La sorprendente y creativa presencia de Dios en el dolor
Por Marco Antonio Amat, SJ | Aprox. 3 min. de lectura.
La pandemia generada por el COVID-19 ha evidenciado múltiples crisis en Latinoamérica, es lamentable darse cuenta de la frágil condición económica, social, política y ecológica en la que se encontraba bajo el disfraz del progreso neoliberal. En las comunidades de Monte Sinaí, en el noroeste de la ciudad de Guayaquil, hay un notable empeoramiento de la desigualdad en cuanto a atención médica y participación laboral, sobre todo para los jóvenes y las mujeres. La situación política es nefasta, ha fracasado el rol del Estado como garante de derechos y los movimientos políticos solo interesados en sacar ventaja de la situación de vulnerabilidad social.
La gran mayoría de la población está aislada, intentando luchar por la vida, manteniendo los vínculos afectivos y relaciones de manera virtual. Pero el precio es alto ya que se ha impregnado el temor a morir inesperadamente, cuesta mucho confiar en la presencia del otro pues el virus nos ha vuelto sospechosos. Según los expertos aún falta padecer los verdaderos efectos del cambio climático y el resquebrajamiento sanitario, social, cultural, económico y político de la sociedad del COVID-19.
Esta pesadilla me ha obligado volver el rostro en tierra y pedir por el fin de la pandemia.
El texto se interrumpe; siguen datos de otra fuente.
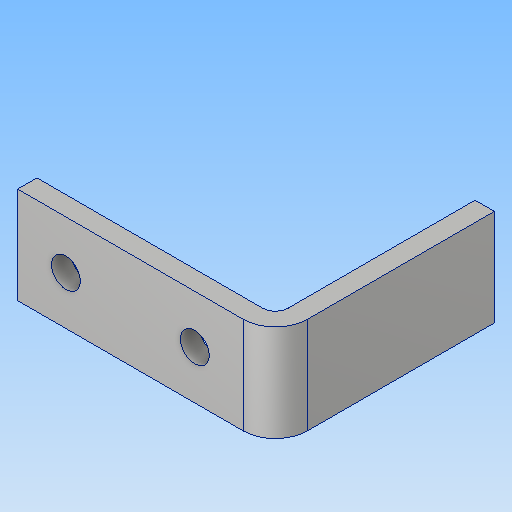
# Autodesk Inventor part: Pancake_Floor Bracket
Saved by Autodesk Inventor 2018.1 (Build 221171000, 171)
## iProperties
Created: 2019-02-12
Part Number: Pancake_Floor Bracket
Material: Aluminum 6061
Document SubType Name: Modeling
Designer: James
Density: 2.7 g/cm^3
Appearance: Aluminum - Flat
Mass: 8.18633 g
Surface Area: 26.1313 cm^2
Volume: 3.03197 cm^3
Author: James
Autodesk Inventor part; units mm, degrees
ref_plane "YZ Plane" through (0, 0, 0) normal (1, 0, 0) x (0, 1, 0)
ref_plane "XZ Plane" through (0, 0, 0) normal (0, 1, 0) x (-1, 0, 0)
ref_plane "XY Plane" through (0, 0, 0) normal (0, 0, 1) x (1, 0, 0)
sketch "Sketch1" plane through (0, 0, 0) normal (0, 1, 0) x (-1, 0, 0)
  line L0 (0, 0) -> (40, 0)
  line L1 (40, 0) -> (40, -3)
  line L2 (40, -3) -> (0, -3)
  line L3 (0, -3) -> (0, 0)
  line L4 (0, 0) -> (3, 0)
  line L5 (3, 0) -> (3, -34)
  line L6 (3, -34) -> (0, -34)
  line L7 (0, -34) -> (0, 0)
  dimension "d0" = 3
  dimension "d1" = 3
  dimension "d2" = 40
  dimension "d3" = 34
  constraints: 16 end point, 4 parallel, 2 horizontal, 2 perpendicular
  measures "d0" distance of L5.end L6.end
  measures "d1" distance of L0.end L1.end
  measures "d2" distance of L0.start L0.end
  measures "d3" distance of L6.end L0.start
extrude "Extrusion1" add sketch "Sketch1" along normal blind 15
fillet "Fillet1" radius 2 1 edges at (-3, 7.5, -3)
fillet "Fillet2" radius 5 1 edges at (0, 7.5, 0)
sketch "Sketch3" plane through (-40, 0, -3) normal (0, 0, -1) x (-1, 0, 0)
  line L0 (-35, 15) -> (0, 15) projected
  line L1 (-35, 0) -> (0, 0) projected
  line L2 (0, 0) -> (0, 15) projected
  line L3 (-40, 0) -> (-40, 15) projected
  line L4 (-40, 0) -> (-40, 15) projected
  point P0 (-7.5, 7.5)
  point P1 (-27.5, 7.5)
  dimension "d20" = 7.5
  dimension "d29" = 7.5
  dimension "d33" = 12.5
  constraints: 1 horizontal alignment
  measures "d20" distance from line of L1 point (-7.5, 7.5)
  measures "d29" distance from line of L2 point (-7.5, 7.5)
  measures "d33" distance from line of point (-27.5, 7.5) L4
hole "Hole2" at (-32.5, 7.5, -3) at (-12.5, 7.5, -3) direction (0, 0, 1) diameter 4.5 end through all clearance for "Socket Head Cap Screw" size "M4" standard "Ansi Metric M Profile"
equation "\"d1\" = d0"
equation "\"d20\" = d19"
equation "\"d19\" = 7.5"
body "Solid1"
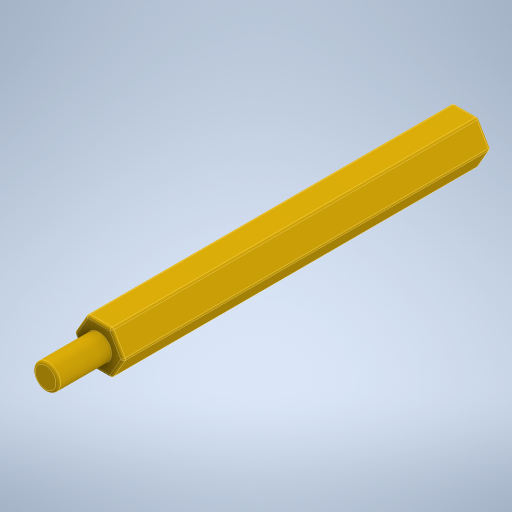
# Autodesk Inventor part: Espaciador_40mm
Saved by Autodesk Inventor 2023 (Build 270158030, 158C)
## iProperties
Created: 2022-07-21
Part Number: Espaciador_40mm
Material: Genérico
Document SubType Name: Modeling
Designer: luisn
Density: 1 g/cm^3
Appearance: Valor por defecto
Author: luisn
Autodesk Inventor part; units mm, degrees
ref_plane "YZ Plane" through (0, 0, 0) normal (1, 0, 0) x (0, 1, 0)
ref_plane "XZ Plane" through (0, 0, 0) normal (0, 1, 0) x (-1, 0, 0)
ref_plane "XY Plane" through (0, 0, 0) normal (0, 0, 1) x (1, 0, 0)
sketch "Boceto1" plane through (0, 0, 0) normal (0, 0, 1) x (1, 0, 0)
  line L0 (1.3423, 2.325) -> (2.6847, 0)
  line L1 (2.6847, 0) -> (1.3423, -2.325)
  line L2 (1.3423, -2.325) -> (-1.3423, -2.325)
  line L3 (-1.3423, -2.325) -> (-2.6847, 0)
  line L4 (-2.6847, 0) -> (-1.3423, 2.325)
  line L5 (-1.3423, 2.325) -> (1.3423, 2.325)
  point P0 (0, 0)
  point P1 (0, 0)
  point P2 (0, 0)
  dimension "d0" = 4.65
  constraints: 12 end point, 2 coincident, 1 horizontal, 13 other
  measures "d0" distance between parallel lines of L2 L5
extrude "Extrusión1" add sketch "Boceto1" along normal blind 40
sketch "Boceto2" plane through (0, 0, 40) normal (0, 0, 1) x (1, 0, 0)
  circle A0 centre (0, 0) radius 1.375
  dimension "d3" = 2.75
  constraints: 1 centre point, 1 coincident
  measures "d3" diameter of A0
extrude "Extrusión2" add sketch "Boceto2" along normal blind 5.8
fillet "Empalme1" radius 0.25 1 edges at (-1.375, 0, 45.8)
fillet "Empalme2" radius 0.25 18 edges at (-1.3423, 2.325, 20) (-2.6847, 0, 20) (1.3423, 2.325, 20) (2.6847, 0, 20) (1.3423, -2.325, 20) (-1.3423, -2.325, 20) (0, -2.325, 0) (-2.0135, -1.1625, 0) (-2.0135, 1.1625, 0) (2.0135, 1.1625, 0) (2.0135, -1.1625, 0) (0, 2.325, 0) (2.0135, -1.1625, 40) (0, -2.325, 40) (-2.0135, -1.1625, 40) (-2.0135, 1.1625, 40) (0, 2.325, 40) (2.0135, 1.1625, 40)
sketch "Boceto3" plane through (0, 0, 0) normal (0, 0, -1) x (-1, 0, 0)
  circle A0 centre (0, 0) radius 1.2
  dimension "d8" = 2.4
  constraints: 1 centre point, 1 coincident
  measures "d8" diameter of A0
extrude "Extrusión3" cut sketch "Boceto3" against normal blind 4
fillet "Empalme3" radius 0.25 1 edges at (1.2, 0, 0)
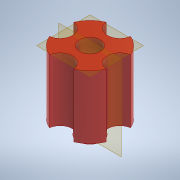
# Autodesk Inventor part: wheel spacer for bearing
Saved by Autodesk Inventor 2020 (Build 240168000, 168)
## iProperties
Created: 2020-02-25
Part Number: wheel spacer for bearing
Material: Generic
Document SubType Name: Modeling
Designer: ball
Density: 1 g/cm^3
Appearance: Default
Author: ball
Autodesk Inventor part; units mm, degrees
ref_plane "YZ Plane" through (0, 0, 0) normal (1, 0, 0) x (0, 1, 0)
ref_plane "XZ Plane" through (0, 0, 0) normal (0, 1, 0) x (-1, 0, 0)
ref_plane "Work Plane1" through (0, 31.6738, 0) normal (0, 1, 0) x (1, 0, 0)
sketch "Sketch2" plane through (0, 31.6738, 0) normal (0, 1, 0) x (1, 0, 0)
  circle A0 centre (0, 0) radius 4.25 projected
  arc A1 (5.0369, -11.6585) -> (-5.0369, -11.6585) centre (0, -12.319) ccw
  arc A2 (11.6585, 5.0369) -> (11.6585, -5.0369) centre (12.319, 0) ccw
  arc A3 (-5.0369, 11.6585) -> (5.0369, 11.6585) centre (0, 12.319) ccw
  arc A4 (-11.6585, -5.0369) -> (-11.6585, 5.0369) centre (-12.319, 0) ccw
  arc A5 (-11.6585, -5.0369) -> (-5.0369, -11.6585) centre (0, 0) ccw
  arc A6 (-5.0369, 11.6585) -> (-11.6585, 5.0369) centre (0, 0) ccw
  arc A7 (5.0369, -11.6585) -> (11.6585, -5.0369) centre (0, 0) ccw
  arc A8 (11.6585, 5.0369) -> (5.0369, 11.6585) centre (0, 0) ccw
  circle A9 centre (0, 0) radius 4.25
  dimension "d5" = 10.16
  dimension "d6" = 12.319
  dimension "d9" = 360
  constraints: 16 point on circle, 9 centre point, 2 coincident, 1 concentric, 17 other
  measures "d5" diameter of A1
  measures "d6" distance of point (0, 0) A1.centre
extrude "Extrusion2" add sketch "Sketch2" against normal blind 26.0096
sketch "Sketch3" plane through (0, 5.6642, 0) normal (0, -1, 0) x (1, 0, 0)
  circle A0 centre (0, 0) radius 4.25
  circle A1 centre (0, 0) radius 5.0038
  dimension "d13" = 10.0076
  constraints: 2 centre point, 2 coincident
  measures "d13" diameter of A1
extrude "Extrusion3" add sketch "Sketch3" along normal blind 5.6642
body "Solid1"

Recordar que en medio de estas tribulaciones Dios está y sufre con nosotros los estragos de esta crisis sanitaria. Las personas creyentes y de buena voluntad −que viven y trabajan en Monte Sinaí− me ayudaron a darle rostro a la misericordia de Dios. Encontré que la mejor ayuda es la que nos acerca unos a otros permitiéndonos mirar más allá del dolor, la angustia y el sufrimiento evidente. El mayor regalo es la compasión que brota al ver a otro ser humano solo y desamparado por la compleja realidad.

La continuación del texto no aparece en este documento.